Sent from my E5633 using Tapatalk

Reactions: Like 1 | Winner 1


----------



## Rude Rudi (1/12/17)

Just released by Chrisdvr1 of Sugar Cookies and Cream fame.

Baba rum pum pum pum - A decadent smooth rum custard, with a light orange cake accent.

Reactions: Like 2 | Winner 1


----------



## SmokeyJoe (1/12/17)

If i think of xmas vape all i can think of is that horrible fruit cake soaked in brandy. That shit you can leave outdoors for over a year and it will still be safe to eat and in one piece, since ants and bird wont even eat that crap

Reactions: Like 2 | Agree 2 | Funny 2


----------



## CHase (1/12/17)

SmokeyJoe said:


> If i think of xmas vape all i can think of is that horrible fruit cake soaked in brandy. That shit you can leave outdoors for over a year and it will still be safe to eat and in one piece, since ants and bird wont even eat that crap



One mans trash is another mans treasure ! I wait the whole year for that damn cake smothering in brandy and custard !
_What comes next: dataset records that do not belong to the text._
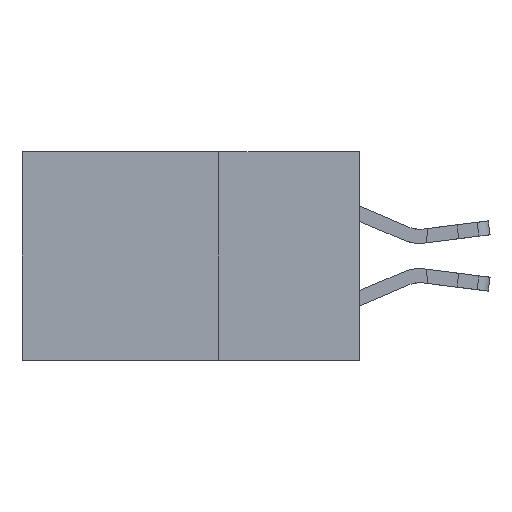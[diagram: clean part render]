
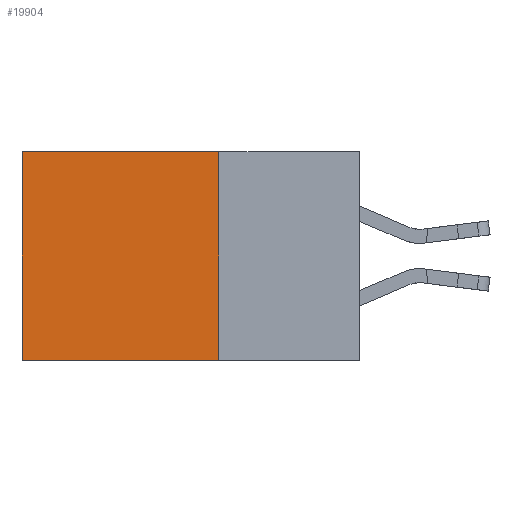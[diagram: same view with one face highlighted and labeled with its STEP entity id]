
A CAD part, left-side view. The second image highlights one B-rep face of the part: STEP entity #19904.
In plain terms, the highlighted planar face has unit normal (-1, 0, 0).
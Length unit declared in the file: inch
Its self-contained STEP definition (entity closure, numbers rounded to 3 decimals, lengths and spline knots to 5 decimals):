
#513 = EDGE_CURVE ( 'NONE', #1936, #17469, #19336, .T. ) ;
#823 = CARTESIAN_POINT ( 'NONE',  ( 0.2875, 0.25, 0. ) ) ;
#1936 = VERTEX_POINT ( 'NONE', #20392 ) ;
#2224 = CARTESIAN_POINT ( 'NONE',  ( 0.2875, 0.6, 0. ) ) ;
#2242 = EDGE_LOOP ( 'NONE', ( #12821, #14230, #16494, #14750 ) ) ;
#2592 = CARTESIAN_POINT ( 'NONE',  ( 0.2875, 0.25, 0. ) ) ;
#2720 = DIRECTION ( 'NONE',  ( 1., 0., 0. ) ) ;
#3605 = CARTESIAN_POINT ( 'NONE',  ( 0.2875, 0.25, -0.37 ) ) ;
#3711 = AXIS2_PLACEMENT_3D ( 'NONE', #823, #2720, #6047 ) ;
#5717 = DIRECTION ( 'NONE',  ( 0., 0., -1. ) ) ;
#6047 = DIRECTION ( 'NONE',  ( 0., 0., -1. ) ) ;
#6472 = VECTOR ( 'NONE', #8339, 39.37008 ) ;
#7638 = EDGE_CURVE ( 'NONE', #18789, #9838, #20378, .T. ) ;
#8339 = DIRECTION ( 'NONE',  ( 0., 1., 0. ) ) ;
#8608 = EDGE_CURVE ( 'NONE', #17469, #9838, #22026, .T. ) ;
#8977 = FACE_OUTER_BOUND ( 'NONE', #2242, .T. ) ;
#9171 = DIRECTION ( 'NONE',  ( 0., 1., 0. ) ) ;
#9616 = DIRECTION ( 'NONE',  ( 0., 0., -1. ) ) ;
#9838 = VERTEX_POINT ( 'NONE', #13046 ) ;
#12821 = ORIENTED_EDGE ( 'NONE', *, *, #7638, .T. ) ;
#13046 = CARTESIAN_POINT ( 'NONE',  ( 0.2875, 0.6, -0.37 ) ) ;
#14230 = ORIENTED_EDGE ( 'NONE', *, *, #8608, .F. ) ;
#14502 = VECTOR ( 'NONE', #9616, 39.37008 ) ;
#14750 = ORIENTED_EDGE ( 'NONE', *, *, #15107, .T. ) ;
#15107 = EDGE_CURVE ( 'NONE', #1936, #18789, #16398, .T. ) ;
#16398 = LINE ( 'NONE', #19269, #6472 ) ;
#16494 = ORIENTED_EDGE ( 'NONE', *, *, #513, .F. ) ;
#16640 = CARTESIAN_POINT ( 'NONE',  ( 0.2875, 0.25, -0.37 ) ) ;
#17469 = VERTEX_POINT ( 'NONE', #16640 ) ;
#18142 = PLANE ( 'NONE',  #3711 ) ;
#18789 = VERTEX_POINT ( 'NONE', #21118 ) ;
#18930 = VECTOR ( 'NONE', #9171, 39.37008 ) ;
#19269 = CARTESIAN_POINT ( 'NONE',  ( 0.2875, 0.25, 0. ) ) ;
#19336 = LINE ( 'NONE', #2592, #14502 ) ;
#19904 = ADVANCED_FACE ( 'NONE', ( #8977 ), #18142, .F. ) ;
#20107 = VECTOR ( 'NONE', #5717, 39.37008 ) ;
#20378 = LINE ( 'NONE', #2224, #20107 ) ;
#20392 = CARTESIAN_POINT ( 'NONE',  ( 0.2875, 0.25, 0. ) ) ;
#21118 = CARTESIAN_POINT ( 'NONE',  ( 0.2875, 0.6, 0. ) ) ;
#22026 = LINE ( 'NONE', #3605, #18930 ) ;

Reactions: Like 1 | Agree 2


----------



## Larry (1/12/17)

How about some Milk Tart:

TFA Acetyl Pyrazine 0.5%
TFA Smooth 0.5%
CAP Cinnamon Danish Swirl 1%
CAP Butter Cream 1%
FA Meringue 1%
CAP New York Cheesecake 2%
TFA Cheesecake GC 3%
FA Fresh Cream 1%
FW Cake Batter 1%
TFA Bavarian Cream 1%
FA Cookie 2%
CAP Vanilla Custard v1 4%
FW Milk 1%

Reactions: Like 4


----------



## Feliks Karp (1/12/17)

Need something special to accompany my annual dressing up like Santa and inappropriately groping random people. Something with notes of hard liquor with a lot of jingle bells and candy cane jokes.

Reactions: Funny 3


----------



## Silver (1/12/17)

CHase said:


> So who has got the low down a Xmas Vape to get into the spirit? Or what would be the ultimate Xmas Vape ?
> 
> Maybe a gingerbread cookie or Mince Pie or Xmas pudding brandy custard ???



Nice thread @CHase 

On the topic of Xmas vapes, also check this out from JOOSE-E-LIQZ
https://www.ecigssa.co.za/joose-e-liqz-new-product-alert.t44191/#post-604718
Scroll down, he has given more info below that post I see....

Reactions: Like 1


----------



## Hooked (1/12/17)

antonherbst said:


> Peach pie by @method1 Mr Hardwicks is an amazing vape. I will keep one of those juices close by at all times during this festive time.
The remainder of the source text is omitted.